RISULTATI: Il composto 1g ha mostrato una importante attività citotossica e antiproliferativa nelle 16 linee cellulari tumorali umane testate con un valore di GI50 variabile da 1,5 a 50 µM, mentre sulle cellule wild type (granulles cells, DRG, NIH-3T3, linfociti T periferici), il composto ha esibito una bassa citotossicità. È stata esplorata la distribuzione del ciclo cellulare nelle jurkat mediante analisi di incorporazione della BrdU. L'aumento della percentuale delle cellule jurkat in fase G2/M (24,7%) e conseguente calo della fase G0/G1 è stato osservato dopo incubazione di 24 ore con 1g alla concentrazione di 1.5 M. Dopo 48 ore le percentuali delle cellule andate incontro a meccanismo di morte cellulare per apoptosi e/o necrosi sono state rilevate tramite citofluorimetria dopo colorazione con Annessina V-FITC e PI. Si è evidenziata la capacità del composto 1g a provocare un aumento significativo di apoptosi precoce dopo 24 ore di incubazione mentre dopo 48 ore il composto causa una forte induzione di apoptosi tardiva e necrosi in cellule trattate. è stata valutata mediante western blot l’espressione di specifiche proteine coinvolte nel meccanismo di morte cellulare mediato da 1g. In particolare, si è osservato un aumento della P53 mentre la proteina antiapoptotica bcl-xl e bcl-2 risultano diminuite in modo dose-dipendente nelle cellule Jurkat. È stato inoltre valutato il meccanismo d’azione coinvolto nell’arresto del ciclo cellulare, precisamente durante la transizione G2/M. Abbiamo trovato un aumento significativo della ciclina B1, Myt-1, P-H3 e P-Cdc2, mentre diminuisce l’espressione della Wee1 e P-Wee1.

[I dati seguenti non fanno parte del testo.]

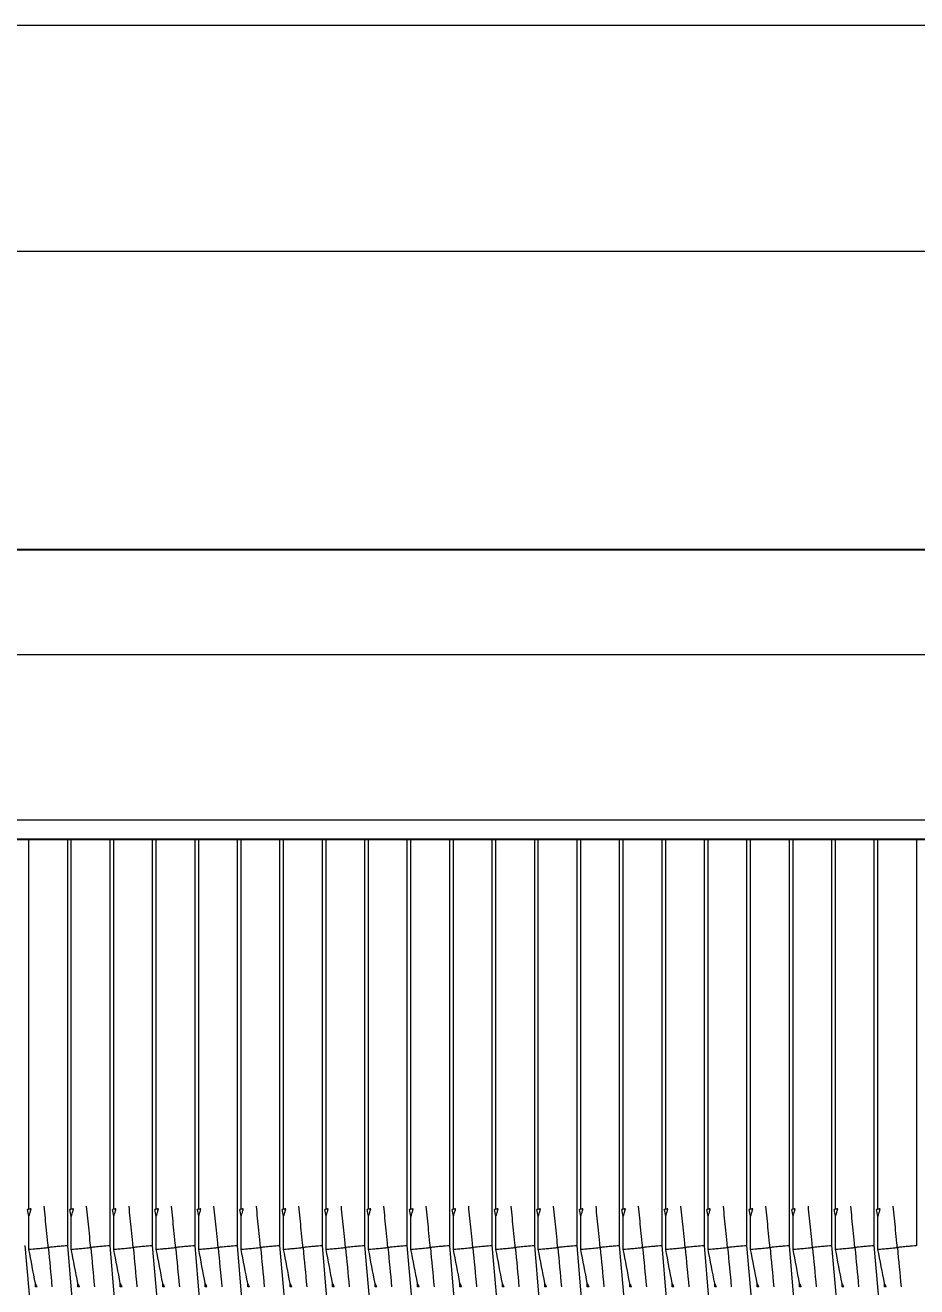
# Model space of a CAD drawing. Header units: millimetres. Extents: x 18217 to 37054, y 415 to 7180.
# Drawn here: x 18928 to 19296, y 6660 to 7180 of the extents above; entities that cross this region are included whole.
import ezdxf

# ---------------------------------------------------------------- set-up
doc = ezdxf.new("R2010")
doc.units = ezdxf.units.MM
doc.styles.add('GENISO', font='geniso.shx', dxfattribs={"oblique": 15})
doc.dimstyles.new('Scale', dxfattribs={"dimscale": 14, "dimtxt": 2.5, "dimasz": 2.5, "dimexe": 1, "dimexo": 1, "dimgap": 0.8, "dimtad": 1, "dimdec": 0, "dimzin": 0, "dimtxsty": 'GENISO', "dimcen": 2.5, "dimclrd": 1, "dimclre": 1, "dimclrt": 256, "dimadec": 0, "dimazin": 0, "dimtfac": 1, "dimtdec": 0, "dimtmove": 0, "dimatfit": 3, "dimfxl": 1, "dimtzin": 0, "dimlwd": -1, "dimlwe": -1, "dimarcsym": 0})

# ---------------------------------------------------------------- blocks, each defined once
blk = doc.blocks.new('*D157')
at = {"color": 1, "transparency": 16777216}
for p, q in [((18563.18, 6909.68), (18563.18, 6977.92)), ((20235.18, 6909.68), (20235.18, 6977.92)), ((20200.18, 6963.92), (18598.18, 6963.92))]:
    blk.add_line(p, q, dxfattribs=at)
for points in [[(18598.18, 6969.75), (18598.18, 6958.08), (18563.18, 6963.92)], [(20200.18, 6969.75), (20200.18, 6958.08), (20235.18, 6963.92)]]:
    blk.add_solid(points, dxfattribs=at)
at = {"layer": 'Defpoints', "color": 0, "transparency": 16777216}
for p in [(18563.18, 6963.92), (18563.18, 6895.68), (20235.18, 6895.68)]:
    blk.add_point(p, dxfattribs=at)
at = {"transparency": 16777216, "insert": (19399.18, 6992.62), "char_height": 35, "attachment_point": 5, "style": 'GENISO'}
blk.add_mtext('1672', dxfattribs=at)

msp = doc.modelspace()

# ---------------------------------------------------------------- linework, layer by layer
at = {"linetype": 'ByBlock', "lineweight": 9}
for p, q in [((20235.18, 6920.68), (18563.18, 6920.68)), ((18563.18, 6852.68), (20235.18, 6852.68)), ((18639.18, 6844.68), (20159.18, 6844.68)), ((18929.68, 6692.21), (18929.68, 6844.68)), ((18945.68, 6677.21), (18945.68, 6844.68)), ((18947.18, 6692.21), (18947.18, 6844.68)), ((18963.18, 6677.21), (18963.18, 6844.68)), ((18964.68, 6692.21), (18964.68, 6844.68)), ((18980.68, 6677.21), (18980.68, 6844.68)), ((18982.18, 6692.21), (18982.18, 6844.68)), ((18998.18, 6677.21), (18998.18, 6844.68)), ((18999.68, 6692.21), (18999.68, 6844.68)), ((19015.68, 6677.21), (19015.68, 6844.68)), ((19017.18, 6692.21), (19017.18, 6844.68)), ((19033.18, 6677.21), (19033.18, 6844.68)), ((19034.68, 6692.21), (19034.68, 6844.68)), ((19050.68, 6677.21), (19050.68, 6844.68)), ((19052.18, 6692.21), (19052.18, 6844.68)), ((19068.18, 6677.21), (19068.18, 6844.68)), ((19069.68, 6692.21), (19069.68, 6844.68)), ((19085.68, 6677.21), (19085.68, 6844.68)), ((19087.18, 6692.21), (19087.18, 6844.68)), ((19103.18, 6677.21), (19103.18, 6844.68)), ((19104.68, 6692.21), (19104.68, 6844.68)), ((19120.68, 6677.21), (19120.68, 6844.68)), ((19122.18, 6692.21), (19122.18, 6844.68)), ((19138.18, 6677.21), (19138.18, 6844.68)), ((19139.68, 6692.21), (19139.68, 6844.68)), ((19155.68, 6677.21), (19155.68, 6844.68)), ((19157.18, 6692.21), (19157.18, 6844.68)), ((19173.18, 6677.21), (19173.18, 6844.68)), ((19174.68, 6692.21), (19174.68, 6844.68)), ((19190.68, 6677.21), (19190.68, 6844.68)), ((19192.18, 6692.21), (19192.18, 6844.68)), ((19208.18, 6677.21), (19208.18, 6844.68)), ((19209.68, 6692.21), (19209.68, 6844.68)), ((19225.68, 6677.21), (19225.68, 6844.68)), ((19227.18, 6692.21), (19227.18, 6844.68)), ((19243.18, 6677.21), (19243.18, 6844.68)), ((19244.68, 6692.21), (19244.68, 6844.68)), ((19260.68, 6677.21), (19260.68, 6844.68)), ((19262.18, 6692.21), (19262.18, 6844.68)), ((19278.18, 6677.21), (19278.18, 6844.68)), ((19279.68, 6692.21), (19279.68, 6844.68)), ((19295.68, 6677.21), (19295.68, 6844.68)), ((18929.68, 6675.66), (18929.68, 6689.25)), ((18947.18, 6675.66), (18947.18, 6689.25)), ((18964.68, 6675.66), (18964.68, 6689.25)), ((18982.18, 6675.66), (18982.18, 6689.25)), ((18999.68, 6675.66), (18999.68, 6689.25)), ((19017.18, 6675.66), (19017.18, 6689.25)), ((19034.68, 6675.66), (19034.68, 6689.25)), ((19052.18, 6675.66), (19052.18, 6689.25)), ((19069.68, 6675.66), (19069.68, 6689.25)), ((19087.18, 6675.66), (19087.18, 6689.25)), ((19104.68, 6675.66), (19104.68, 6689.25)), ((19122.18, 6675.66), (19122.18, 6689.25)), ((19139.68, 6675.66), (19139.68, 6689.25)), ((19157.18, 6675.66), (19157.18, 6689.25)), ((19174.68, 6675.66), (19174.68, 6689.25)), ((19192.18, 6675.66), (19192.18, 6689.25)), ((19209.68, 6675.66), (19209.68, 6689.25)), ((19227.18, 6675.66), (19227.18, 6689.25)), ((19244.68, 6675.66), (19244.68, 6689.25)), ((19262.18, 6675.66), (19262.18, 6689.25)), ((19279.68, 6675.66), (19279.68, 6689.25)), ((18933.08, 6660.25), (18932.38, 6660.25)), ((18950.58, 6660.25), (18949.88, 6660.25)), ((18968.08, 6660.25), (18967.38, 6660.25)), ((18985.58, 6660.25), (18984.88, 6660.25)), ((19003.08, 6660.25), (19002.38, 6660.25)), ((19020.58, 6660.25), (19019.88, 6660.25)), ((19038.08, 6660.25), (19037.38, 6660.25)), ((19055.58, 6660.25), (19054.88, 6660.25)), ((19073.08, 6660.25), (19072.38, 6660.25)), ((19090.58, 6660.25), (19089.88, 6660.25)), ((19108.08, 6660.25), (19107.38, 6660.25)), ((19125.58, 6660.25), (19124.88, 6660.25)), ((19143.08, 6660.25), (19142.38, 6660.25)), ((19160.58, 6660.25), (19159.88, 6660.25)), ((19178.08, 6660.25), (19177.38, 6660.25)), ((19195.58, 6660.25), (19194.88, 6660.25)), ((19213.08, 6660.25), (19212.38, 6660.25)), ((19230.58, 6660.25), (19229.88, 6660.25)), ((19248.08, 6660.25), (19247.38, 6660.25)), ((19265.58, 6660.25), (19264.88, 6660.25)), ((19283.08, 6660.25), (19282.38, 6660.25))]:
    msp.add_line(p, q, dxfattribs=at)
msp.add_line((18639.18, 6844.68), (20159.18, 6844.68))
for points in [[(26674.14, 7180.13), (26674.14, 1266), (18216.52, 1266), (18216.52, 7180.13)], [(26581.09, 7087.08), (26581.09, 1359.06), (18309.58, 1359.06), (18309.58, 7087.08)]]:
    msp.add_lwpolyline(points, close=True, dxfattribs=at)
at = {"linetype": 'ByBlock', "lineweight": 9, "flags": 128}
for points in [[(18930.58, 6692.4), (18930.25, 6692.33), (18929.96, 6692.27), (18929.71, 6692.22), (18929.5, 6692.17), (18929.33, 6692.14), (18929.21, 6692.11), (18929.14, 6692.1), (18929.12, 6692.09)], [(18948.08, 6692.4), (18947.75, 6692.33), (18947.46, 6692.27), (18947.21, 6692.22), (18947, 6692.17), (18946.83, 6692.14), (18946.71, 6692.11), (18946.64, 6692.1), (18946.62, 6692.09)], [(18965.58, 6692.4), (18965.25, 6692.33), (18964.96, 6692.27), (18964.71, 6692.22), (18964.5, 6692.17), (18964.33, 6692.14), (18964.21, 6692.11), (18964.14, 6692.1), (18964.12, 6692.09)], [(18983.08, 6692.4), (18982.75, 6692.33), (18982.46, 6692.27), (18982.21, 6692.22), (18982, 6692.17), (18981.83, 6692.14), (18981.71, 6692.11), (18981.64, 6692.1), (18981.62, 6692.09)], [(19000.58, 6692.4), (19000.25, 6692.33), (18999.96, 6692.27), (18999.71, 6692.22), (18999.5, 6692.17), (18999.33, 6692.14), (18999.21, 6692.11), (18999.14, 6692.1), (18999.12, 6692.09)], [(19018.08, 6692.4), (19017.75, 6692.33), (19017.46, 6692.27), (19017.21, 6692.22), (19017, 6692.17), (19016.83, 6692.14), (19016.71, 6692.11), (19016.64, 6692.1), (19016.62, 6692.09)], [(19035.58, 6692.4), (19035.25, 6692.33), (19034.96, 6692.27), (19034.71, 6692.22), (19034.5, 6692.17), (19034.33, 6692.14), (19034.21, 6692.11), (19034.14, 6692.1), (19034.12, 6692.09)], [(19053.08, 6692.4), (19052.75, 6692.33), (19052.46, 6692.27), (19052.21, 6692.22), (19052, 6692.17), (19051.83, 6692.14), (19051.71, 6692.11), (19051.64, 6692.1), (19051.62, 6692.09)], [(19070.58, 6692.4), (19070.25, 6692.33), (19069.96, 6692.27), (19069.71, 6692.22), (19069.5, 6692.17), (19069.33, 6692.14), (19069.21, 6692.11), (19069.14, 6692.1), (19069.12, 6692.09)], [(19088.08, 6692.4), (19087.75, 6692.33), (19087.46, 6692.27), (19087.21, 6692.22), (19087, 6692.17), (19086.83, 6692.14), (19086.71, 6692.11), (19086.64, 6692.1), (19086.62, 6692.09)], [(19105.58, 6692.4), (19105.25, 6692.33), (19104.96, 6692.27), (19104.71, 6692.22), (19104.5, 6692.17), (19104.33, 6692.14), (19104.21, 6692.11), (19104.14, 6692.1), (19104.12, 6692.09)], [(19123.08, 6692.4), (19122.75, 6692.33), (19122.46, 6692.27), (19122.21, 6692.22), (19122, 6692.17), (19121.83, 6692.14), (19121.71, 6692.11), (19121.64, 6692.1), (19121.62, 6692.09)], [(19140.58, 6692.4), (19140.25, 6692.33), (19139.96, 6692.27), (19139.71, 6692.22), (19139.5, 6692.17), (19139.33, 6692.14), (19139.21, 6692.11), (19139.14, 6692.1), (19139.12, 6692.09)], [(19158.08, 6692.4), (19157.75, 6692.33), (19157.46, 6692.27), (19157.21, 6692.22), (19157, 6692.17), (19156.83, 6692.14), (19156.71, 6692.11), (19156.64, 6692.1), (19156.62, 6692.09)], [(19175.58, 6692.4), (19175.25, 6692.33), (19174.96, 6692.27), (19174.71, 6692.22), (19174.5, 6692.17), (19174.33, 6692.14), (19174.21, 6692.11), (19174.14, 6692.1), (19174.12, 6692.09)], [(19193.08, 6692.4), (19192.75, 6692.33), (19192.46, 6692.27), (19192.21, 6692.22), (19192, 6692.17), (19191.83, 6692.14), (19191.71, 6692.11), (19191.64, 6692.1), (19191.62, 6692.09)], [(19210.58, 6692.4), (19210.25, 6692.33), (19209.96, 6692.27), (19209.71, 6692.22), (19209.5, 6692.17), (19209.33, 6692.14), (19209.21, 6692.11), (19209.14, 6692.1), (19209.12, 6692.09)], [(19228.08, 6692.4), (19227.75, 6692.33), (19227.46, 6692.27), (19227.21, 6692.22), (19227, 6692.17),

In conclusione, i nostri dati dimostrano chiaramente che il composto 1g è in grado di arrestare in fase G2/M il ciclo cellulare nelle cellule leucemiche jurkat T cells dopo 12 ore di incubazione e di conseguenza di indurre apoptosi precoce e tardiva. Presi insieme, questi risultati suggeriscono che questa molecola potrebbe agire principalmente come un composto citostatico piuttosto che citotossico.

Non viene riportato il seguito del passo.